I am trying to compare two arrays to ensure that the corresponding values of one is always greater than the other.
我试图比较两个数组,以确保一个的相应值总是大于另一个。
a = [2, 3, 4]
b = [1, 2, 3]
# a[0] > b[0] ... a[x] > b[x]
At this point I am thinking of using inject with an index and return if the comparison fails, like:
此时我正在考虑使用带索引的inject并在比较失败时返回,如:
b.each_with_index.inject(true) do |cmp, (element,index)|
if element > a[index] do
cmp = false
return
end
end
Is there a better way of doing this? Kinda feeling like Ruby or Rails might already have something like this built-in and I missed it.

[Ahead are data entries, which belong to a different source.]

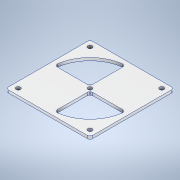
# Autodesk Inventor part: Feeder Bottom Plate
Saved by Autodesk Inventor 2020.3 (Build 243373000, 373)
## iProperties
Created: 2020-07-23
Part Number: Feeder Bottom Plate
Material: Aluminum 6061
Document SubType Name: Modeling
Designer: juanp
Density: 2.7 g/cm^3
Appearance: Aluminum - Flat
Author: juanp
Autodesk Inventor part; units mm, degrees
ref_plane "YZ Plane" through (0, 0, 0) normal (1, 0, 0) x (0, 1, 0)
ref_plane "XZ Plane" through (0, 0, 0) normal (0, 1, 0) x (-1, 0, 0)
ref_plane "XY Plane" through (0, 0, 0) normal (0, 0, 1) x (1, 0, 0)
sketch "Sketch1" plane through (0, 0, 0) normal (0, 1, 0) x (-1, 0, 0)
  circle A0 centre (0, 0) radius 30 construction
  line L0 (-30, 0) -> (0, 0) construction
  line L1 (0, 30) -> (0, 0) construction
  line L2 (0, 0) -> (0, -30) construction
  line L3 (0, 0) -> (30, 0) construction
  arc A1 (27, 0) -> (-1.5, 26.9583) centre (0, 0) ccw construction
  circle A2 centre (0, 0) radius 1.5
  circle A3 centre (0, 0) radius 3
  line L4 (-1.5, 2.5981) -> (-1.5, 26.9583)
  line L5 (1.5, 26.9583) -> (1.5, 2.5981) construction
  line L6 (-1.5, 14.7782) -> (1.5, 14.7782) construction
  line L7 (-2.5981, -1.5) -> (-26.9583, -1.5) construction
  line L8 (-26.9583, 1.5) -> (-2.5981, 1.5)
  line L9 (1.5, -2.5981) -> (1.5, -26.9583)
  line L10 (-1.5, -26.9583) -> (-1.5, -2.5981) construction
  line L11 (2.5981, 1.5) -> (26.9583, 1.5) construction
  line L12 (26.9583, -1.5) -> (2.5981, -1.5)
  line L13 (1.5, -26.9583) -> (1.5, -29.9625) construction
  line L14 (26.9583, -1.5) -> (29.9625, -1.5) construction
  line L15 (30, 30) -> (-30, 30)
  line L16 (-30, 30) -> (-30, -30)
  line L17 (-30, -30) -> (30, -30)
  line L18 (30, -30) -> (30, 30)
  line L19 (30, 30) -> (21.2132, 21.2132) construction
  line L20 (-30, 30) -> (-21.2132, 21.2132) construction
  line L21 (21.2132, 21.2132) -> (-21.2132, -21.2132) construction
  line L22 (21.2132, -21.2132) -> (30, -30) construction
  line L23 (-21.2132, -21.2132) -> (-30, -30) construction
  line L24 (-21.2132, 21.2132) -> (21.2132, -21.2132) construction
  circle A4 centre (-25.6066, 25.6066) radius 1.55
  circle A5 centre (-25.6066, -25.6066) radius 1.55
  circle A6 centre (25.6066, -25.6066) radius 1.55
  circle A7 centre (25.6066, 25.6066) radius 1.55
  arc A8 (26.9583, -1.5) -> (27, 0) centre (0, 0) ccw construction
  arc A9 (0, -27) -> (26.9583, -1.5) centre (0, 0) ccw
  arc A10 (-1.5, 26.9583) -> (-26.9583, 1.5) centre (0, 0) ccw
  arc A11 (-26.9583, 1.5) -> (0, -27) centre (0, 0) ccw construction
  point P0 (0, 14.7782)
  point P1 (-14.7782, -1.5)
  point P2 (-14.7782, 1.5)
  point P3 (1.5, -14.7782)
  point P4 (-1.5, -14.7782)
  point P5 (14.7782, 1.5)
  point P6 (14.7782, -1.5)
  dimension "d5" = 60
  dimension "d6" = 3
  dimension "d7" = 3
  dimension "d8" = 6
  dimension "d9" = 360
  dimension "d10" = 3
  dimension "d14" = 3.1
  dimension "d15" = 3.1
  dimension "d16" = 3.1
  dimension "d17" = 3.1
  constraints: 50 end point, 15 point on circle, 11 centre point, 9 midpoint, 6 horizontal, 6 perpendicular, 5 coincident, 5 point on line, 5 vertical, 2 parallel, 45 other
  measures "d7" diameter of A2
  measures "d8" diameter of A3
  measures "d10" distance between parallel lines of L5 L4
  measures "d14" diameter of A4
  measures "d15" diameter of A5
  measures "d16" diameter of A6
  measures "d17" diameter of A7
extrude "Extrusion1" add sketch "Sketch1" along normal blind 2 contours A3 | L18 L17 L16 L15
fillet "Fillet1" radius 2 4 edges at (-30, 1, 30) (30, 1, 30) (30, 1, -30) (-30, 1, -30)
fillet "Fillet2" radius 2 8 edges at (1.5, 1, 26.9583) (26.9583, 1, 1.5) (1.5, 1, 2.5981) (2.5981, 1, 1.5) (-2.5981, 1, -1.5) (-1.5, 1, -2.5981) (-26.9583, 1, -1.5) (-1.5, 1, -26.9583)
body "Solid1"
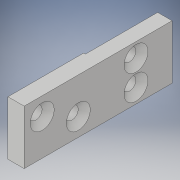
# Autodesk Inventor part: SidePlateRight
Saved by Autodesk Inventor 2019 (Build 230136000, 136)
## iProperties
Created: 2019-09-28
Part Number: SidePlateRight
Material: Generic
Document SubType Name: Modeling
Designer: james
Density: 1 g/cm^3
Appearance: Default
Author: james
Autodesk Inventor part; units mm, degrees
ref_plane "YZ Plane" through (0, 0, 0) normal (1, 0, 0) x (0, 1, 0)
ref_plane "XZ Plane" through (0, 0, 0) normal (0, 1, 0) x (-1, 0, 0)
ref_plane "XY Plane" through (0, 0, 0) normal (0, 0, 1) x (1, 0, 0)
sketch "Sketch1" plane through (0, 0, 0) normal (1, 0, 0) x (0, 1, 0)
  line L0 (7.5884, 18.4529) -> (-11.4616, 18.4529)
  line L1 (-11.4616, 18.4529) -> (-11.4616, -33.6171)
  line L2 (-11.4616, -33.6171) -> (7.5884, -33.6171)
  line L3 (7.5884, -33.6171) -> (7.5884, 18.4529)
  point P0 (0, 0)
  dimension "d0" = 52.07
  dimension "d1" = 19.05
  constraints: 8 end point, 2 parallel, 1 horizontal, 1 perpendicular
  measures "d0" distance of L2.end L0.start
  measures "d1" distance of L0.start L0.end
extrude "Extrusion1" add sketch "Sketch1" along normal blind 6.35
sketch "Sketch3" plane through (0, 7.5884, 18.4529) normal (0, 1, 0) x (1, 0, 0)
  line L0 (0, 26.67) -> (0.635, 26.67)
  line L1 (0.635, 26.67) -> (0.635, 52.07)
  line L2 (0.635, 52.07) -> (0, 52.07)
  line L3 (0, 52.07) -> (0, 26.67)
  line L4 (5.715, 52.07) -> (6.35, 52.07)
  line L5 (6.35, 52.07) -> (6.35, 26.67)
  line L6 (6.35, 26.67) -> (5.715, 26.67)
  line L7 (5.715, 26.67) -> (5.715, 52.07)
  line L8 (6.35, 52.07) -> (6.35, 0) projected
  line L9 (0, 52.07) -> (0, 0) projected
  line L10 (0, 52.07) -> (6.35, 52.07) projected
  point P0 (0, 18.4529)
  dimension "d19" = 25.4
  dimension "d20" = 25.4
  dimension "d21" = 0
  dimension "d22" = 0
  dimension "d23" = 0.635
  dimension "d24" = 0.635
  dimension "d25" = 0
  constraints: 16 end point, 4 parallel, 2 horizontal, 2 perpendicular, 1 point on line
  measures "d19" distance of L0.end L1.end
  measures "d20" distance of L6.end L4.start
  measures "d21" distance between parallel lines of L8 L5
  measures "d22" distance between parallel lines of L9 L3
  measures "d23" distance of L0.start L0.end
  measures "d24" distance of L5.end L6.end
  measures "d25" distance between parallel lines of L10 L4
extrude "Extrusion2" cut sketch "Sketch3" against normal blind 50.8
sketch "Sketch6" plane through (5.715, 7.5884, -8.2171) normal (1, 0, 0) x (0, 0, -1)
  line L0 (0, 0) -> (25.4, 0) projected
  line L1 (25.4, 0) -> (25.4, -19.05) projected
  point P0 (-8.2171, -7.5884)
  point P1 (12.7, -5.08)
  point P2 (12.7, -13.97)
  dimension "d39" = 5.08
  dimension "d40" = 13.97
  dimension "d41" = 12.7
  dimension "d42" = 12.7
  measures "d39" distance from line of L0 point (12.7, -5.08)
  measures "d40" distance from line of L0 point (12.7, -13.97)
  measures "d41" distance from line of L1 point (12.7, -5.08)
  measures "d42" distance from line of L1 point (12.7, -13.97)
hole "Hole3" at (5.715, 2.5084, -20.9171) at (5.715, -6.3816, -20.9171) direction (-1, 0, 0) diameter 4.4958 end through all countersink diameter 8.4328 countersink angle 82 clearance for "Flat Head Machine Screw (82)" size "#8" standard "Ansi Unified Screw Threads"
sketch "Sketch7" plane through (0, 7.5884, 18.4529) normal (0, 1, 0) x (1, 0, 0)
  line L0 (8.7509, 0) -> (5.715, 0)
  line L1 (5.715, 0) -> (5.715, 29.619)
  line L2 (5.715, 29.619) -> (8.7509, 29.619)
  line L3 (8.7509, 29.619) -> (8.7509, 0)
  line L4 (5.715, 26.67) -> (5.715, 52.07) projected
  line L5 (0, 0) -> (6.35, 0) projected
  point P0 (0, 18.4529)
  dimension "d50" = 0
  dimension "d51" = 0
  constraints: 8 end point, 2 parallel, 1 horizontal, 1 perpendicular
  measures "d50" distance between parallel lines of L4 L1
  measures "d51" distance between parallel lines of L5 L0
extrude "Extrusion3" cut sketch "Sketch7" against normal blind 25.4
sketch "Sketch8" plane through (5.715, 7.5884, 18.4529) normal (1, 0, 0) x (0, 0, -1)
  line L0 (0, 0) -> (52.07, 0) projected
  line L1 (0, -19.05) -> (0, 0) projected
  point P0 (18.4529, -7.5884)
  point P1 (6.35, -6.35)
  point P2 (19.05, -12.7)
  dimension "d54" = 6.35
  dimension "d55" = 6.35
  dimension "d56" = 19.05
  dimension "d57" = 12.7
  measures "d54" distance from line of L0 point (6.35, -6.35)
  measures "d55" distance from line of L1 point (6.35, -6.35)
  measures "d56" distance from line of L1 point (19.05, -12.7)
  measures "d57" distance from line of L0 point (19.05, -12.7)
hole "Hole4" at (5.715, 1.2384, 12.1029) at (5.715, -5.1116, -0.5971) direction (-1, 0, 0) diameter 4.4958 end through all countersink diameter 8.4328 countersink angle 82 clearance for "Flat Head Machine Screw (82)" size "#8" standard "Ansi Unified Screw Threads"
body "Solid1"
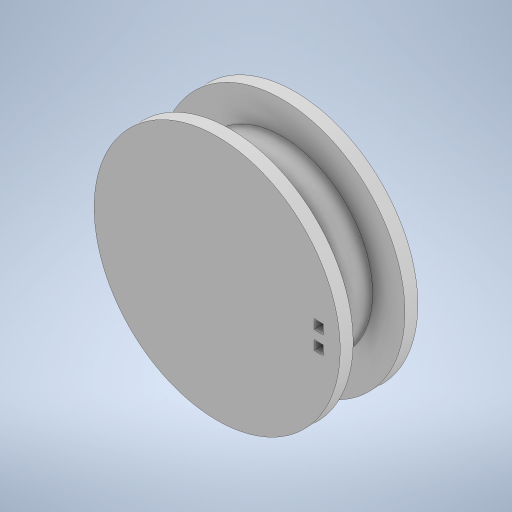
# Autodesk Inventor part: spool
Saved by Autodesk Inventor 2023 (Build 270158000, 158)
## iProperties
Created: 2022-10-02
Part Number: spool
Material: Generic
Document SubType Name: Modeling
Designer: carso
Density: 1 g/cm^3
Appearance: Default
Author: carso
Autodesk Inventor part; units mm, degrees
ref_plane "YZ Plane" through (0, 0, 0) normal (1, 0, 0) x (0, 1, 0)
ref_plane "XZ Plane" through (0, 0, 0) normal (0, 1, 0) x (-1, 0, 0)
ref_plane "XY Plane" through (0, 0, 0) normal (0, 0, 1) x (1, 0, 0)
sketch "Sketch1" plane through (0, 0, 0) normal (0, 0, 1) x (1, 0, 0)
  circle A0 centre (0, 0) radius 35
  dimension "d0" = 70
  constraints: 1 centre point, 1 coincident
  measures "d0" diameter of A0
extrude "Extrusion1" add sketch "Sketch1" along normal blind 20
sketch "Sketch2" plane through (0, 0, 20) normal (0, 0, 1) x (1, 0, 0)
  circle A0 centre (0, 0) radius 47.5
  dimension "d3" = 95
  constraints: 1 centre point, 1 coincident
  measures "d3" diameter of A0
extrude "Extrusion2" add sketch "Sketch2" along normal blind 5
sketch "Sketch3" plane through (0, 0, 0) normal (0, 0, -1) x (-1, 0, 0)
  circle A0 centre (0, 0) radius 47.5
  dimension "d6" = 95
  constraints: 1 centre point, 1 coincident
  measures "d6" diameter of A0
extrude "Extrusion3" add sketch "Sketch3" along normal blind 5
sketch "Sketch4" plane through (0, 0, -5) normal (0, 0, -1) x (-1, 0, 0)
  circle A0 centre (0, 0) radius 2.65
  line L0 (-2.65, 0) -> (2.03, 0)
  line L1 (2.03, 0) -> (2.03, -1.7034)
  line L2 (2.03, 0) -> (2.03, 1.7034)
  dimension "d9" = 5.3
  dimension "d10" = 4.68
  constraints: 6 end point, 3 point on circle, 1 centre point, 1 coincident, 1 horizontal, 1 perpendicular, 1 point on line
  measures "d9" diameter of A0
  measures "d10" distance of L0.start L0.end
extrude "Extrusion4" cut sketch "Sketch4" against normal blind 21 contours L2 L0 A0 | A0 L0 L1
extrude "Extrusion5" cut sketch "Sketch4" against normal blind 4 contours A0 L1 L2
sketch "Sketch5" plane through (0, 0, 25) normal (0, 0, 1) x (1, 0, 0)
  line L0 (57.5, 1.75) -> (37.5, 1.75)
  line L1 (37.5, 1.75) -> (37.5, -1.75)
  line L2 (37.5, -1.75) -> (57.5, -1.75)
  line L3 (57.5, -1.75) -> (57.5, 1.75)
  circle A0 centre (0, 0) radius 47.5 projected
  line L4 (57.5, 1.75) -> (37.5, -1.75) construction
  line L5 (37.5, 1.75) -> (57.5, -1.75) construction
  line L6 (41, 5.25) -> (37.5, 5.25)
  line L7 (37.5, 5.25) -> (37.5, -5.25)
  line L8 (37.5, -5.25) -> (41, -5.25)
  line L9 (41, -5.25) -> (41, 5.25)
  point P0 (47.5, 0)
  point P1 (37.5, 0)
  point P2 (41, -1.75)
  point P3 (41, 1.75)
  point P4 (47.4678, 1.75)
  point P5 (47.4678, -1.75)
  dimension "d15" = 20
  dimension "d16" = 3.5
  dimension "d21" = 3.5
  dimension "d22" = 3.5
  dimension "d23" = 3.5
  dimension "d24" = 0
  constraints: 20 end point, 4 parallel, 3 midpoint, 2 horizontal, 2 perpendicular, 2 other
  measures "d15" distance of L0.start L0.end
  measures "d16" distance of L1.end L0.end
  measures "d21" distance between parallel lines of L6 L0
  measures "d22" distance between parallel lines of L8 L2
  measures "d23" distance between parallel lines of L9 L1
  measures "d24" distance between parallel lines of L7 L1
extrude "Extrusion6" cut sketch "Sketch5" against normal blind 10 contours L3 L2 A0 L0 | L0 L7 L6 L9 | L9 L8 L7 L2
equation "\"d6\" = d3"
body "Solid1"
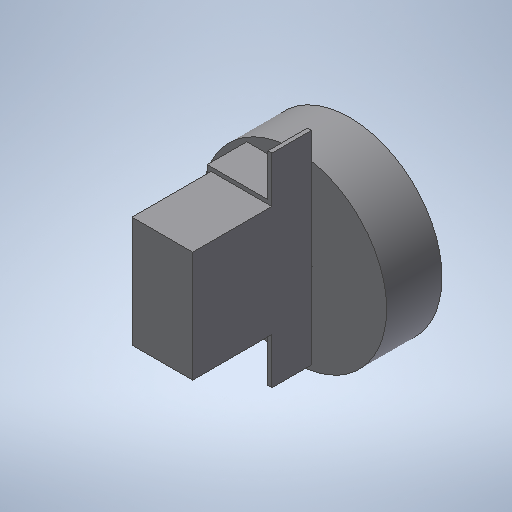
# Autodesk Inventor part: Rueda Derecha
Saved by Autodesk Inventor 2025 (Build 290162000, 162)
## iProperties
Created: 2024-10-07
Part Number: Rueda Derecha
Material: Generic
Document SubType Name: Modeling
Designer: feder
Density: 1 g/cm^3
Appearance: Default
Author: feder
Autodesk Inventor part; units mm, degrees
ref_plane "YZ Plane" through (0, 0, 0) normal (1, 0, 0) x (0, 1, 0)
ref_plane "XZ Plane" through (0, 0, 0) normal (0, 1, 0) x (-1, 0, 0)
ref_plane "XY Plane" through (0, 0, 0) normal (0, 0, 1) x (1, 0, 0)
sketch "Sketch1" plane through (0, 0, 0) normal (0, 0, 1) x (1, 0, 0)
  circle A0 centre (0, 0) radius 35
  dimension "d0" = 70
  constraints: 1 centre point, 1 coincident
  measures "d0" diameter of A0
extrude "Extrusion1" add sketch "Sketch1" along normal blind 21
sketch "Sketch2" plane through (0, 0, 21) normal (0, 0, 1) x (1, 0, 0)
  circle A0 centre (0, 0) radius 6.75
  dimension "d3" = 13.5
  constraints: 1 centre point, 1 coincident
  measures "d3" diameter of A0
extrude "Extrusion2" add sketch "Sketch2" along normal blind 5
sketch "Sketch3" plane through (0, 0, 26) normal (0, 0, 1) x (1, 0, 0)
  line L0 (-11.5, -10) -> (11.5, -10)
  line L1 (11.5, -10) -> (11.5, 32)
  line L2 (11.5, 32) -> (-11.5, 32)
  line L3 (-11.5, 32) -> (-11.5, -10)
  point P0 (0, 0)
  point P1 (0, -10)
  dimension "d6" = 42
  dimension "d7" = 23
  dimension "d8" = 10
  constraints: 8 end point, 2 parallel, 1 horizontal, 1 midpoint, 1 perpendicular, 1 vertical alignment
  measures "d6" distance of L2.end L0.start
  measures "d7" distance of L1.end L2.end
  measures "d8" vertical distance of L0.start point (0, 0)
extrude "Extrusion3" add sketch "Sketch3" along normal blind 45
sketch "Sketch4" plane through (-11.5, -10, 26) normal (-1, 0, 0) x (0, 0, 1)
  line L0 (0, 0) -> (0, 42) projected
  line L1 (0, 42) -> (45, 42) projected
  line L2 (0, 0) -> (15, 0)
  line L3 (15, 0) -> (15, 42)
  line L4 (15, 42) -> (0, 42)
  line L5 (0, 42) -> (0, 0)
  point P0 (-26, 10)
  dimension "d11" = 15
  constraints: 8 end point, 2 parallel, 1 horizontal, 1 perpendicular, 1 point on line
  measures "d11" distance of L4.end L3.end
extrude "Extrusion4" add sketch "Sketch4" along normal blind 1.5
sketch "Sketch5" plane through (-11.5, 32, 71) normal (0, 1, 0) x (1, 0, 0)
  line L0 (-1.5, 45) -> (-1.5, 30) projected
  line L1 (-1.5, 30) -> (23, 30)
  line L2 (23, 30) -> (23, 45)
  line L3 (23, 45) -> (-1.5, 45)
  line L4 (-1.5, 45) -> (-1.5, 30)
  point P0 (11.5, 71)
  constraints: 8 end point, 2 parallel, 1 horizontal, 1 perpendicular
extrude "Extrusion5" add sketch "Sketch5" along normal blind 1.5
sketch "Sketch6" plane through (-11.5, -10, 71) normal (0, -1, 0) x (1, 0, 0)
  line L0 (23, -30) -> (0, -30) projected
  line L1 (-1.5, -45) -> (23, -45)
  line L2 (23, -45) -> (23, -30)
  line L3 (23, -30) -> (-1.5, -30)
  line L4 (-1.5, -30) -> (-1.5, -45)
  point P0 (11.5, -71)
  constraints: 8 end point, 2 parallel, 1 horizontal, 1 perpendicular
extrude "Extrusion6" add sketch "Sketch6" along normal blind 1.5
sketch "Sketch7" plane through (-11.5, -11.5, 71) normal (0, -1, 0) x (1, 0, 0)
  line L0 (23, -45) -> (-1.5, -45) projected
  line L1 (-1.5, -30) -> (23, -30) projected
  line L2 (23, -45) -> (21.5, -45)
  line L3 (21.5, -45) -> (21.5, -30)
  line L4 (21.5, -30) -> (23, -30)
  line L5 (23, -30) -> (23, -45)
  point P0 (11.5, -71)
  dimension "d18" = 1.5
  constraints: 8 end point, 2 parallel, 1 horizontal, 1 perpendicular, 1 point on line
  measures "d18" distance of L3.end L4.end
extrude "Extrusion7" add sketch "Sketch7" along normal blind 16
sketch "Sketch8" plane through (-11.5, 33.5, 71) normal (0, 1, 0) x (1, 0, 0)
  line L0 (-1.5, 45) -> (21.5, 45) projected
  line L1 (23, 30) -> (21.5, 30)
  line L2 (21.5, 30) -> (21.5, 45)
  line L3 (21.5, 45) -> (23, 45)
  line L4 (23, 45) -> (23, 30)
  point P0 (11.5, 71)
  dimension "d21" = 1.5
  constraints: 8 end point, 2 parallel, 1 horizontal, 1 perpendicular
  measures "d21" distance of L0.end L3.end
extrude "Extrusion8" add sketch "Sketch8" along normal blind 16
sketch "Sketch9" plane through (0, 0, 0) normal (0, 0, -1) x (-1, 0, 0)
  circle A0 centre (0, 0) radius 1.25
  dimension "d24" = 2.5
  constraints: 1 centre point, 1 coincident
  measures "d24" diameter of A0
extrude "Extrusion9" cut sketch "Sketch9" against normal blind 50
body "Solid1"

有更好的方法吗?有点像Ruby或Rails的感觉可能已经有类似内置的东西,我错过了它。
2 个解决方案
#1
8
This is what I would do:
这就是我要做的:
a.zip(b).all? { |a, b| a > b }
Note though that zip will truncate in case the two arrays are not of the same size.
请注意,如果两个数组的大小不同,则zip会截断。
#2
5
If it's safe to assume both arrays are of the same size, here's a method that'll keep memory usage and running time to a minimum:
如果可以安全地假设两个阵列的大小相同,那么这是一种将内存使用和运行时间降至最低的方法:
(0...a.length).all?{ |i| a[i] > b[i] }
#=> true
while also being extendable to an arbitrary number of arrays:
同时也可以扩展到任意数量的数组:
(0...a.length).all?{ |i| a[i] > [b[i], c[i], d[i]].max }
To illustrate the relative resource-intensity of the zip versus the range approach, take arrays a and b, each with length n = 5_000.
为了说明zip与范围方法的相对资源强度,取数组a和b,每个数组的长度为n = 5_000。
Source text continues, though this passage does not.